Saved data entries:
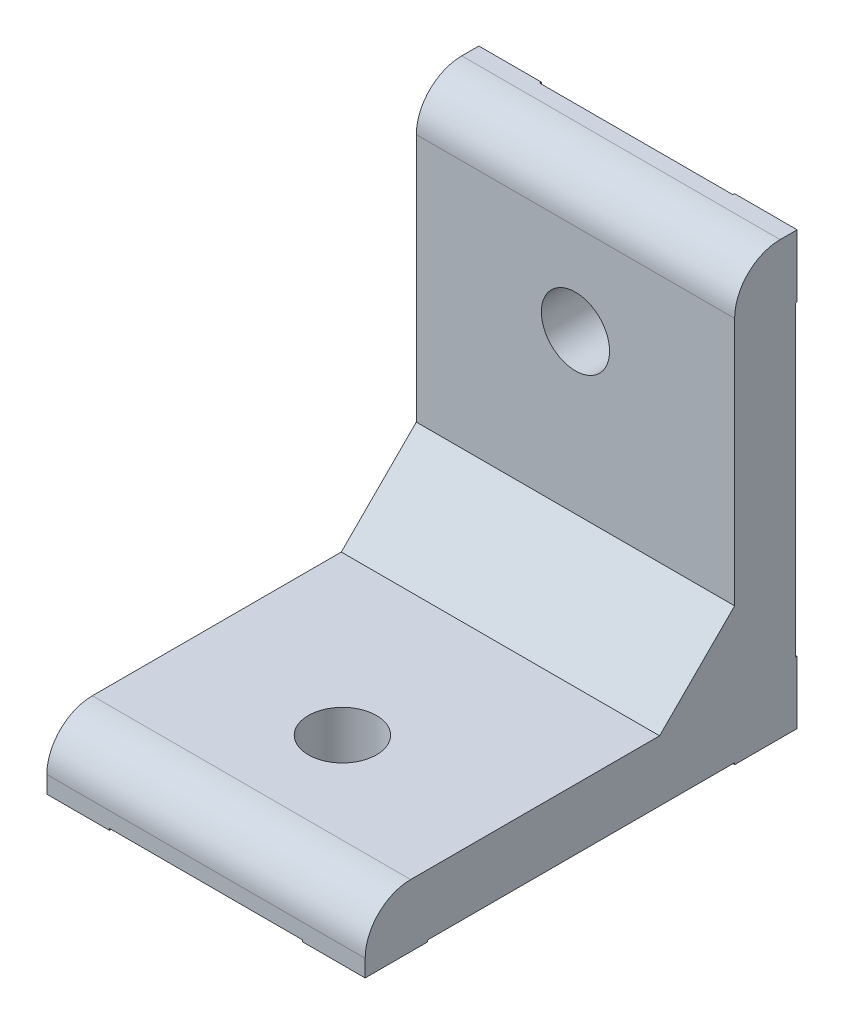
ISO-10303-21;
HEADER;
FILE_DESCRIPTION(('STEP AP214'),'2;1');
FILE_NAME('part.step','',(''),(''),'','','');
FILE_SCHEMA(('AUTOMOTIVE_DESIGN { 1 0 10303 214 1 1 1 1 }'));
ENDSEC;
DATA;
#1=APPLICATION_CONTEXT('core data for automotive mechanical design processes');
#2=APPLICATION_PROTOCOL_DEFINITION('international standard','automotive_design',2000,#1);
#3=PRODUCT_CONTEXT('',#1,'mechanical');
#4=PRODUCT('Part','Part','',(#3));
#5=PRODUCT_RELATED_PRODUCT_CATEGORY('part','',(#4));
#6=PRODUCT_DEFINITION_FORMATION('','',#4);
#7=PRODUCT_DEFINITION_CONTEXT('part definition',#1,'design');
#8=PRODUCT_DEFINITION('design','',#6,#7);
#9=PRODUCT_DEFINITION_SHAPE('','',#8);
#10=(LENGTH_UNIT() NAMED_UNIT(*) SI_UNIT(.MILLI.,.METRE.));
#11=(NAMED_UNIT(*) PLANE_ANGLE_UNIT() SI_UNIT($,.RADIAN.));
#12=(NAMED_UNIT(*) SI_UNIT($,.STERADIAN.) SOLID_ANGLE_UNIT());
#13=UNCERTAINTY_MEASURE_WITH_UNIT(LENGTH_MEASURE(1.E-05),#10,'distance_accuracy_value','');
#14=(GEOMETRIC_REPRESENTATION_CONTEXT(3) GLOBAL_UNCERTAINTY_ASSIGNED_CONTEXT((#13)) GLOBAL_UNIT_ASSIGNED_CONTEXT((#10,
#11,#12)) REPRESENTATION_CONTEXT('',''));
#15=CARTESIAN_POINT('',(0.,0.,0.));
#16=DIRECTION('',(0.,0.,1.));
#17=DIRECTION('',(1.,0.,0.));
#18=AXIS2_PLACEMENT_3D('',#15,#16,#17);
#19=CARTESIAN_POINT('',(-31.1337293774503,21.9881963728243,5.5));
#20=DIRECTION('',(0.,-1.,0.));
#21=DIRECTION('',(0.,0.,-1.));
#22=AXIS2_PLACEMENT_3D('',#19,#20,#21);
#23=PLANE('',#22);
#24=DIRECTION('',(0.,0.,-1.));
#25=VECTOR('',#24,1.);
#26=CARTESIAN_POINT('',(-25.6337293774504,21.9881963728243,0.15));
#27=LINE('',#26,#25);
#28=CARTESIAN_POINT('',(-25.6337293774504,21.9881963728243,0.15));
#29=VERTEX_POINT('',#28);
#30=CARTESIAN_POINT('',(-25.6337293774504,21.9881963728243,0.));
#31=VERTEX_POINT('',#30);
#32=EDGE_CURVE('E245',#29,#31,#27,.T.);
#33=ORIENTED_EDGE('',*,*,#32,.T.);
#34=DIRECTION('',(-1.,0.,0.));
#35=VECTOR('',#34,1.);
#36=CARTESIAN_POINT('',(-31.1337293774503,21.9881963728243,0.));
#37=LINE('',#36,#35);
#38=CARTESIAN_POINT('',(-31.1337293774503,21.9881963728243,0.));
#39=VERTEX_POINT('',#38);
#40=EDGE_CURVE('E548',#31,#39,#37,.T.);
#41=ORIENTED_EDGE('',*,*,#40,.T.);
#42=DIRECTION('',(0.,0.,-1.));
#43=VECTOR('',#42,1.);
#44=CARTESIAN_POINT('',(-31.1337293774503,21.9881963728243,5.5));
#45=LINE('',#44,#43);
#46=CARTESIAN_POINT('',(-31.1337293774503,21.9881963728243,1.49999999999997));
#47=VERTEX_POINT('',#46);
#48=EDGE_CURVE('E533',#47,#39,#45,.T.);
#49=ORIENTED_EDGE('',*,*,#48,.F.);
#50=DIRECTION('',(-1.,0.,0.));
#51=VECTOR('',#50,1.);
#52=CARTESIAN_POINT('',(-3.13372937745035,21.9881963728243,1.49999999999997));
#53=LINE('',#52,#51);
#54=CARTESIAN_POINT('',(-3.13372937745035,21.9881963728243,1.49999999999997));
#55=VERTEX_POINT('',#54);
#56=EDGE_CURVE('E486',#55,#47,#53,.T.);
#57=ORIENTED_EDGE('',*,*,#56,.F.);
#58=DIRECTION('',(0.,0.,-1.));
#59=VECTOR('',#58,1.);
#60=CARTESIAN_POINT('',(-3.13372937745035,21.9881963728243,5.5));
#61=LINE('',#60,#59);
#62=CARTESIAN_POINT('',(-3.13372937745035,21.9881963728243,0.));
#63=VERTEX_POINT('',#62);
#64=EDGE_CURVE('E554',#55,#63,#61,.T.);
#65=ORIENTED_EDGE('',*,*,#64,.T.);
#66=CARTESIAN_POINT('',(-8.63372937745035,21.9881963728243,0.));
#67=VERTEX_POINT('',#66);
#68=EDGE_CURVE('E530',#63,#67,#37,.T.);
#69=ORIENTED_EDGE('',*,*,#68,.T.);
#70=DIRECTION('',(0.,0.,-1.));
#71=VECTOR('',#70,1.);
#72=CARTESIAN_POINT('',(-8.63372937745035,21.9881963728243,0.15));
#73=LINE('',#72,#71);
#74=CARTESIAN_POINT('',(-8.63372937745035,21.9881963728243,0.15));
#75=VERTEX_POINT('',#74);
#76=EDGE_CURVE('E256',#75,#67,#73,.T.);
#77=ORIENTED_EDGE('',*,*,#76,.F.);
#78=DIRECTION('',(1.,0.,0.));
#79=VECTOR('',#78,1.);
#80=CARTESIAN_POINT('',(0.,21.9881963728243,0.15));
#81=LINE('',#80,#79);
#82=EDGE_CURVE('E263',#29,#75,#81,.T.);
#83=ORIENTED_EDGE('',*,*,#82,.F.);
#84=EDGE_LOOP('',(#33,#41,#49,#57,#65,#69,#77,#83));
#85=FACE_BOUND('',#84,.T.);
#86=ADVANCED_FACE('F39',(#85),#23,.F.);
#87=CARTESIAN_POINT('',(0.,0.,0.));
#88=DIRECTION('',(0.,0.,1.));
#89=DIRECTION('',(1.,0.,0.));
#90=AXIS2_PLACEMENT_3D('',#87,#88,#89);
#91=PLANE('',#90);
#92=DIRECTION('',(0.,-1.,0.));
#93=VECTOR('',#92,1.);
#94=CARTESIAN_POINT('',(-25.6337293774504,0.,0.));
#95=LINE('',#94,#93);
#96=CARTESIAN_POINT('',(-25.6337293774504,16.4881963728243,0.));
#97=VERTEX_POINT('',#96);
#98=EDGE_CURVE('E251',#31,#97,#95,.T.);
#99=ORIENTED_EDGE('',*,*,#98,.T.);
#100=DIRECTION('',(1.,0.,0.));
#101=VECTOR('',#100,1.);
#102=CARTESIAN_POINT('',(0.,16.4881963728243,0.));
#103=LINE('',#102,#101);
#104=CARTESIAN_POINT('',(-31.1337293774503,16.4881963728243,0.));
#105=VERTEX_POINT('',#104);
#106=EDGE_CURVE('E267',#105,#97,#103,.T.);
#107=ORIENTED_EDGE('',*,*,#106,.F.);
#108=DIRECTION('',(0.,-1.,0.));
#109=VECTOR('',#108,1.);
#110=CARTESIAN_POINT('',(-31.1337293774503,21.9881963728243,0.));
#111=LINE('',#110,#109);
#112=EDGE_CURVE('E534',#39,#105,#111,.T.);
#113=ORIENTED_EDGE('',*,*,#112,.F.);
#114=ORIENTED_EDGE('',*,*,#40,.F.);
#115=EDGE_LOOP('',(#99,#107,#113,#114));
#116=FACE_BOUND('',#115,.T.);
#117=ADVANCED_FACE('F662',(#116),#91,.F.);
#118=DIRECTION('',(1.,0.,0.));
#119=VECTOR('',#118,1.);
#120=CARTESIAN_POINT('',(0.,-10.5118036271757,0.));
#121=LINE('',#120,#119);
#122=CARTESIAN_POINT('',(-31.1337293774503,-10.5118036271757,0.));
#123=VERTEX_POINT('',#122);
#124=CARTESIAN_POINT('',(-25.6337293774504,-10.5118036271757,0.));
#125=VERTEX_POINT('',#124);
#126=EDGE_CURVE('E318',#123,#125,#121,.T.);
#127=ORIENTED_EDGE('',*,*,#126,.T.);
#128=DIRECTION('',(0.,-1.,0.));
#129=VECTOR('',#128,1.);
#130=CARTESIAN_POINT('',(-25.6337293774504,-15.8618036271757,0.));
#131=LINE('',#130,#129);
#132=CARTESIAN_POINT('',(-25.6337293774504,-16.0118036271757,0.));
#133=VERTEX_POINT('',#132);
#134=EDGE_CURVE('E439',#125,#133,#131,.T.);
#135=ORIENTED_EDGE('',*,*,#134,.T.);
#136=DIRECTION('',(1.,0.,0.));
#137=VECTOR('',#136,1.);
#138=CARTESIAN_POINT('',(-31.1337293774503,-16.0118036271757,0.));
#139=LINE('',#138,#137);
#140=CARTESIAN_POINT('',(-31.1337293774503,-16.0118036271757,0.));
#141=VERTEX_POINT('',#140);
#142=EDGE_CURVE('E539',#141,#133,#139,.T.);
#143=ORIENTED_EDGE('',*,*,#142,.F.);
#144=EDGE_CURVE('E524',#123,#141,#111,.T.);
#145=ORIENTED_EDGE('',*,*,#144,.F.);
#146=EDGE_LOOP('',(#127,#135,#143,#145));
#147=FACE_BOUND('',#146,.T.);
#148=ADVANCED_FACE('F667',(#147),#91,.F.);
#149=DIRECTION('',(0.,-1.,0.));
#150=VECTOR('',#149,1.);
#151=CARTESIAN_POINT('',(-8.63372937745035,-15.8618036271757,0.));
#152=LINE('',#151,#150);
#153=CARTESIAN_POINT('',(-8.63372937745035,-10.5118036271757,0.));
#154=VERTEX_POINT('',#153);
#155=CARTESIAN_POINT('',(-8.63372937745035,-16.0118036271757,0.));
#156=VERTEX_POINT('',#155);
#157=EDGE_CURVE('E436',#154,#156,#152,.T.);
#158=ORIENTED_EDGE('',*,*,#157,.F.);
#159=DIRECTION('',(-1.,0.,0.));
#160=VECTOR('',#159,1.);
#161=CARTESIAN_POINT('',(0.,-10.5118036271757,0.));
#162=LINE('',#161,#160);
#163=CARTESIAN_POINT('',(-3.13372937745035,-10.5118036271757,0.));
#164=VERTEX_POINT('',#163);
#165=EDGE_CURVE('E314',#164,#154,#162,.T.);
#166=ORIENTED_EDGE('',*,*,#165,.F.);
#167=DIRECTION('',(0.,1.,0.));
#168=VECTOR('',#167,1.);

PROMPT: Copy word for word each line of the data above, from the first through the one containing "#12=(NAMED_UNIT(*) SI_UNIT($,.STERADIAN.) SOLID_ANGLE_UNIT());", and include no pictures.

REPLY TO THE EXERCISE:
ISO-10303-21;
HEADER;
FILE_DESCRIPTION(('STEP AP214'),'2;1');
FILE_NAME('part.step','',(''),(''),'','','');
FILE_SCHEMA(('AUTOMOTIVE_DESIGN { 1 0 10303 214 1 1 1 1 }'));
ENDSEC;
DATA;
#1=APPLICATION_CONTEXT('core data for automotive mechanical design processes');
#2=APPLICATION_PROTOCOL_DEFINITION('international standard','automotive_design',2000,#1);
#3=PRODUCT_CONTEXT('',#1,'mechanical');
#4=PRODUCT('Part','Part','',(#3));
#5=PRODUCT_RELATED_PRODUCT_CATEGORY('part','',(#4));
#6=PRODUCT_DEFINITION_FORMATION('','',#4);
#7=PRODUCT_DEFINITION_CONTEXT('part definition',#1,'design');
#8=PRODUCT_DEFINITION('design','',#6,#7);
#9=PRODUCT_DEFINITION_SHAPE('','',#8);
#10=(LENGTH_UNIT() NAMED_UNIT(*) SI_UNIT(.MILLI.,.METRE.));
#11=(NAMED_UNIT(*) PLANE_ANGLE_UNIT() SI_UNIT($,.RADIAN.));
#12=(NAMED_UNIT(*) SI_UNIT($,.STERADIAN.) SOLID_ANGLE_UNIT());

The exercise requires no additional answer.